Supplied entries:
______
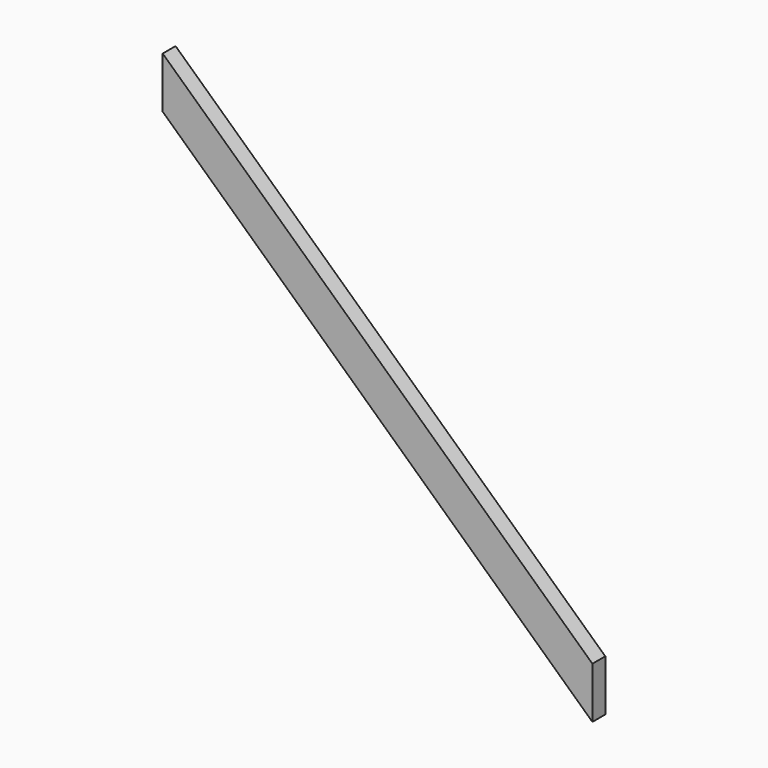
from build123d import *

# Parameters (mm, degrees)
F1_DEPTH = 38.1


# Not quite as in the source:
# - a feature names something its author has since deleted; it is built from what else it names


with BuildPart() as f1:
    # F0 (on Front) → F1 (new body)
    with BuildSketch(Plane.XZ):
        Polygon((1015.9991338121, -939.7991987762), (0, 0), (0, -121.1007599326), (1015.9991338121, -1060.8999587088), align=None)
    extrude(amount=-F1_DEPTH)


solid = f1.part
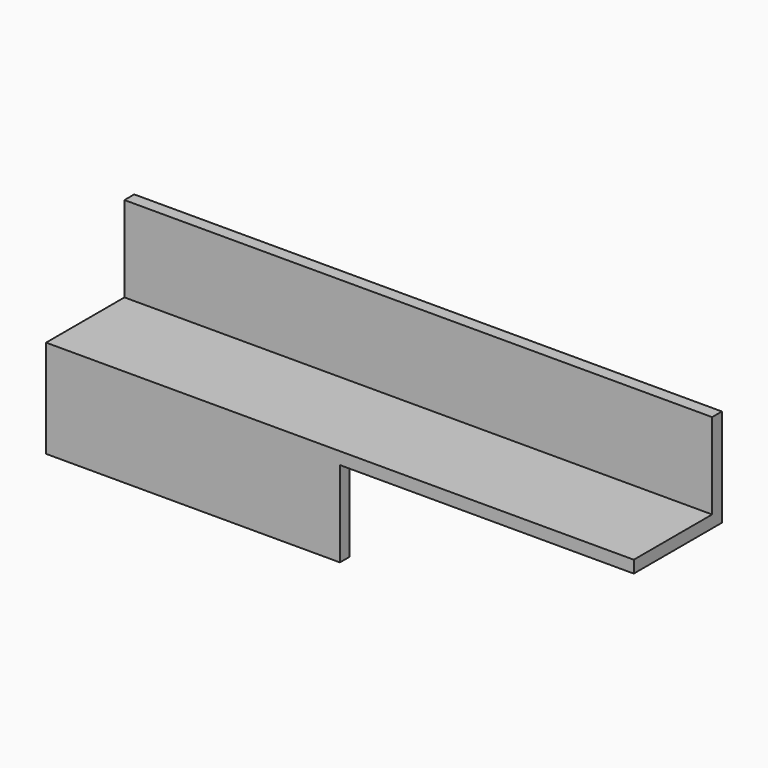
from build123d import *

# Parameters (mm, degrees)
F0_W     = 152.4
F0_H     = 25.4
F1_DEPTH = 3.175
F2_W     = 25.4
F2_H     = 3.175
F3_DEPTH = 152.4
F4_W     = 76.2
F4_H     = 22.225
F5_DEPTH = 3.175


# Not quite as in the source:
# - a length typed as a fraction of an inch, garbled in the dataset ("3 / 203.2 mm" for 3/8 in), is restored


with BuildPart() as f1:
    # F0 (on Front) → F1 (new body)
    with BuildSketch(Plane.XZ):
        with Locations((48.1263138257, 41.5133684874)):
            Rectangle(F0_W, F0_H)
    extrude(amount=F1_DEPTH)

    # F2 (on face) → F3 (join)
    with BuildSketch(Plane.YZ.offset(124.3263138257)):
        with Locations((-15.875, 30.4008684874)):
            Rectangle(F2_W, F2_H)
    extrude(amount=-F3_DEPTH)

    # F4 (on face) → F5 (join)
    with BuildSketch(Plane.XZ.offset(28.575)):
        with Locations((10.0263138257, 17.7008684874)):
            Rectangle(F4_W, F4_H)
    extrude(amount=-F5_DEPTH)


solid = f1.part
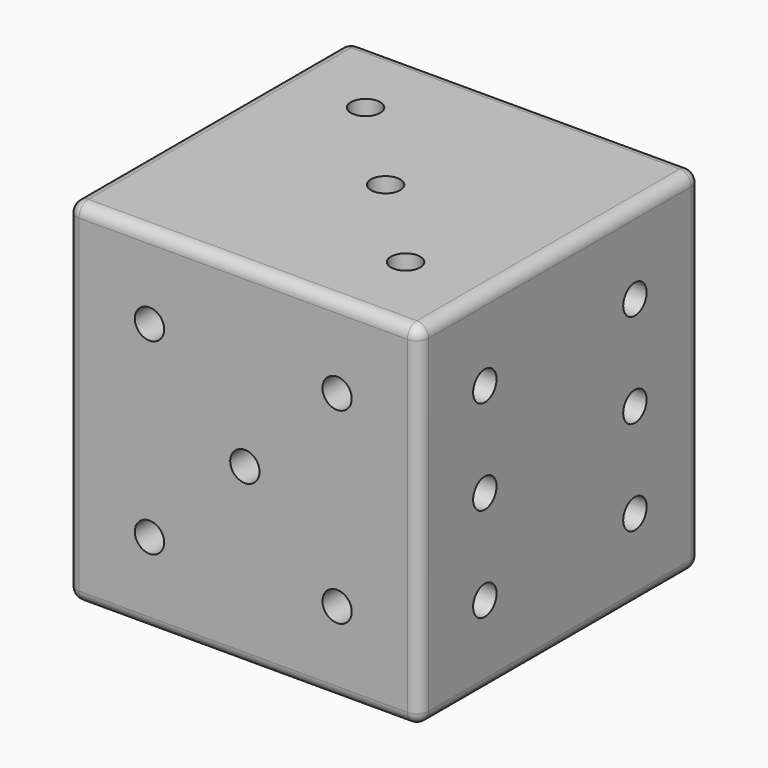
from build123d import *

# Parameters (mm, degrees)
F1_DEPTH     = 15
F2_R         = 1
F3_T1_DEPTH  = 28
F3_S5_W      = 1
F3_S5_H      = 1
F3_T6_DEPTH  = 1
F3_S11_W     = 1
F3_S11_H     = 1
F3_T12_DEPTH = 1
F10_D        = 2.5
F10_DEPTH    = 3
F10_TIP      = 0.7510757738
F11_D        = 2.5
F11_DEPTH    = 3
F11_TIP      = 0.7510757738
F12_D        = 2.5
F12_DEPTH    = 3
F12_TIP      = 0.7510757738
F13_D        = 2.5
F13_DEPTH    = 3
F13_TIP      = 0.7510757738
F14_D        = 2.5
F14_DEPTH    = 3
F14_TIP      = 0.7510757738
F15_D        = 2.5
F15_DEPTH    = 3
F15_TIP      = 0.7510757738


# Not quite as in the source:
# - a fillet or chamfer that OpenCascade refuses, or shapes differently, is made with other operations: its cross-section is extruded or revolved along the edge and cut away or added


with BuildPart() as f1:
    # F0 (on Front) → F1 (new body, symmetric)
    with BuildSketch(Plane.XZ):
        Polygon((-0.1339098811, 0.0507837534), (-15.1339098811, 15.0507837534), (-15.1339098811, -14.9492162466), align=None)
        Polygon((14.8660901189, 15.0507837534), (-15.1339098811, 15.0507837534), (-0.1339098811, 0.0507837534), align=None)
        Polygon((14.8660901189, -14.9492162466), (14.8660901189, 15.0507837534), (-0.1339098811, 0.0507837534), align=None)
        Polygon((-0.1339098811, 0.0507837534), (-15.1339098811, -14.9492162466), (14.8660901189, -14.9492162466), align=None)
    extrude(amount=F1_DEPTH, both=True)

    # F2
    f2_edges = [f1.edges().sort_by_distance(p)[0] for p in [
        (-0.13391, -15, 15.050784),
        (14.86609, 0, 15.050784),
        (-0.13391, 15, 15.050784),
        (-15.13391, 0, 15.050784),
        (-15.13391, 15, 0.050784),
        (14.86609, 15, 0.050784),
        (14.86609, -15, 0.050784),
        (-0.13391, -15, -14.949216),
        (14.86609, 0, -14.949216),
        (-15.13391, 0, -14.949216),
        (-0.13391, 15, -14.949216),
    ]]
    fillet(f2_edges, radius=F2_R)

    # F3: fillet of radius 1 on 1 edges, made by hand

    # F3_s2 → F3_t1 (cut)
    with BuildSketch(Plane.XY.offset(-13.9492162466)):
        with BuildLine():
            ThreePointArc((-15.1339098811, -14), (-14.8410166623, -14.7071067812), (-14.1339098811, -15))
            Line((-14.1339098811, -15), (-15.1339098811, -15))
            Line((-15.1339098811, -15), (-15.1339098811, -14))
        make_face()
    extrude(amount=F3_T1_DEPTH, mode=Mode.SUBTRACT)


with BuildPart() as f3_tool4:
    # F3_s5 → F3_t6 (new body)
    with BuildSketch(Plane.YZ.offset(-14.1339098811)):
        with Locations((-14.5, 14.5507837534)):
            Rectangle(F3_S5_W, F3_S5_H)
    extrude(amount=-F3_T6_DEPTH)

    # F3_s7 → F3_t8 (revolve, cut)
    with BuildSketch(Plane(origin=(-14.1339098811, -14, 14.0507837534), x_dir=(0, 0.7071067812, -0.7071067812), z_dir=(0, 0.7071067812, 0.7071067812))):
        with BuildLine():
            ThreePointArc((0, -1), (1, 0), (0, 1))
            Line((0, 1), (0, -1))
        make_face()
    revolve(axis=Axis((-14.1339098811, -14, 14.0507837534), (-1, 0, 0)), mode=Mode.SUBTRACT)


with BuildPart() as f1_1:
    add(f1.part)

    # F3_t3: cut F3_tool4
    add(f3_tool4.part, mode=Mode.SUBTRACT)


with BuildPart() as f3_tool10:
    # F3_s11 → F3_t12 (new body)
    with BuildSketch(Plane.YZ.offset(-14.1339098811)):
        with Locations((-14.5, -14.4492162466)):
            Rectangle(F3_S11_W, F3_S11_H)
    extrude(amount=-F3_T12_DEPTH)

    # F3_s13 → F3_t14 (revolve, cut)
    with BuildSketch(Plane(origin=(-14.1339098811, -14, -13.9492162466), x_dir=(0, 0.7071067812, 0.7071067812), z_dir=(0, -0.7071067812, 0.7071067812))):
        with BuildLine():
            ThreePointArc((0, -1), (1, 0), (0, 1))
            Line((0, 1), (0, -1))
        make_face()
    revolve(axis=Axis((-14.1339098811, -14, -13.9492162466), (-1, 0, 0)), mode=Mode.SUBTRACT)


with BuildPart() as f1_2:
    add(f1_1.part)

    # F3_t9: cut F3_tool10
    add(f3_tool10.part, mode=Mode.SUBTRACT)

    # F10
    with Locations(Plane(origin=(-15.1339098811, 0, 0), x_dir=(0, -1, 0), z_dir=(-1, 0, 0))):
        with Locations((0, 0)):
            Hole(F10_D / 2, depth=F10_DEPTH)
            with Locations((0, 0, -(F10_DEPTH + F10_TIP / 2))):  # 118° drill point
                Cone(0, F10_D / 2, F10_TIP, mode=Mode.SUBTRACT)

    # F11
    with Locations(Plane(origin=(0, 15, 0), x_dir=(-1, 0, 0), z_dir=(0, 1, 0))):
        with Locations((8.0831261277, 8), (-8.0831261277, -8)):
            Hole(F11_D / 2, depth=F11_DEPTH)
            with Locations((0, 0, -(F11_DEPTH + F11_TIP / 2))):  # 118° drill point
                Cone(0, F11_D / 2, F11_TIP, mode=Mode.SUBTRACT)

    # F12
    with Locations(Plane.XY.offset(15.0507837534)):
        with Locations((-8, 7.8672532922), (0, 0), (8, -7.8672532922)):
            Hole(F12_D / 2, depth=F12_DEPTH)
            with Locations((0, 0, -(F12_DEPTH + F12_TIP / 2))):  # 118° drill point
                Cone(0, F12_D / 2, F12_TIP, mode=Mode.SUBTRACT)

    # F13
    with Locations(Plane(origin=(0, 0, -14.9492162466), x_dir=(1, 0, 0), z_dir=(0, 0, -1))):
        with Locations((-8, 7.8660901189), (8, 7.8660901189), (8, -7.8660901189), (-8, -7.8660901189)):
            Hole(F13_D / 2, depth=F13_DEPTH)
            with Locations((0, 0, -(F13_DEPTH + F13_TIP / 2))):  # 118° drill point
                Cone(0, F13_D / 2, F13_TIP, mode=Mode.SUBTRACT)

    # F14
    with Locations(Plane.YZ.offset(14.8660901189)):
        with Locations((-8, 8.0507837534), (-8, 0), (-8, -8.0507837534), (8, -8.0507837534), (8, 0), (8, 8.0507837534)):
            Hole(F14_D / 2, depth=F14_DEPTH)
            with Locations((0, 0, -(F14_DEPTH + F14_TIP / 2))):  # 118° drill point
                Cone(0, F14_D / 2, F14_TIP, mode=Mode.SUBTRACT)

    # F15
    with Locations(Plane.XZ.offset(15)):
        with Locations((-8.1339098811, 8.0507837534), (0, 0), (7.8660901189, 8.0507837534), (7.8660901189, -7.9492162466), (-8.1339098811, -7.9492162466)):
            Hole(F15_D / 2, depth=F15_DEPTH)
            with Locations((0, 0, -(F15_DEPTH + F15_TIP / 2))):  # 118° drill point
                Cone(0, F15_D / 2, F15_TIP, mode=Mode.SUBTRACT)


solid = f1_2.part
______
What the task requires: Going through the entries above, show each line that contains "made".

Response:
# - a fillet or chamfer that OpenCascade refuses, or shapes differently, is made with other operations: its cross-section is extruded or revolved along the edge and cut away or added
    # F3: fillet of radius 1 on 1 edges, made by hand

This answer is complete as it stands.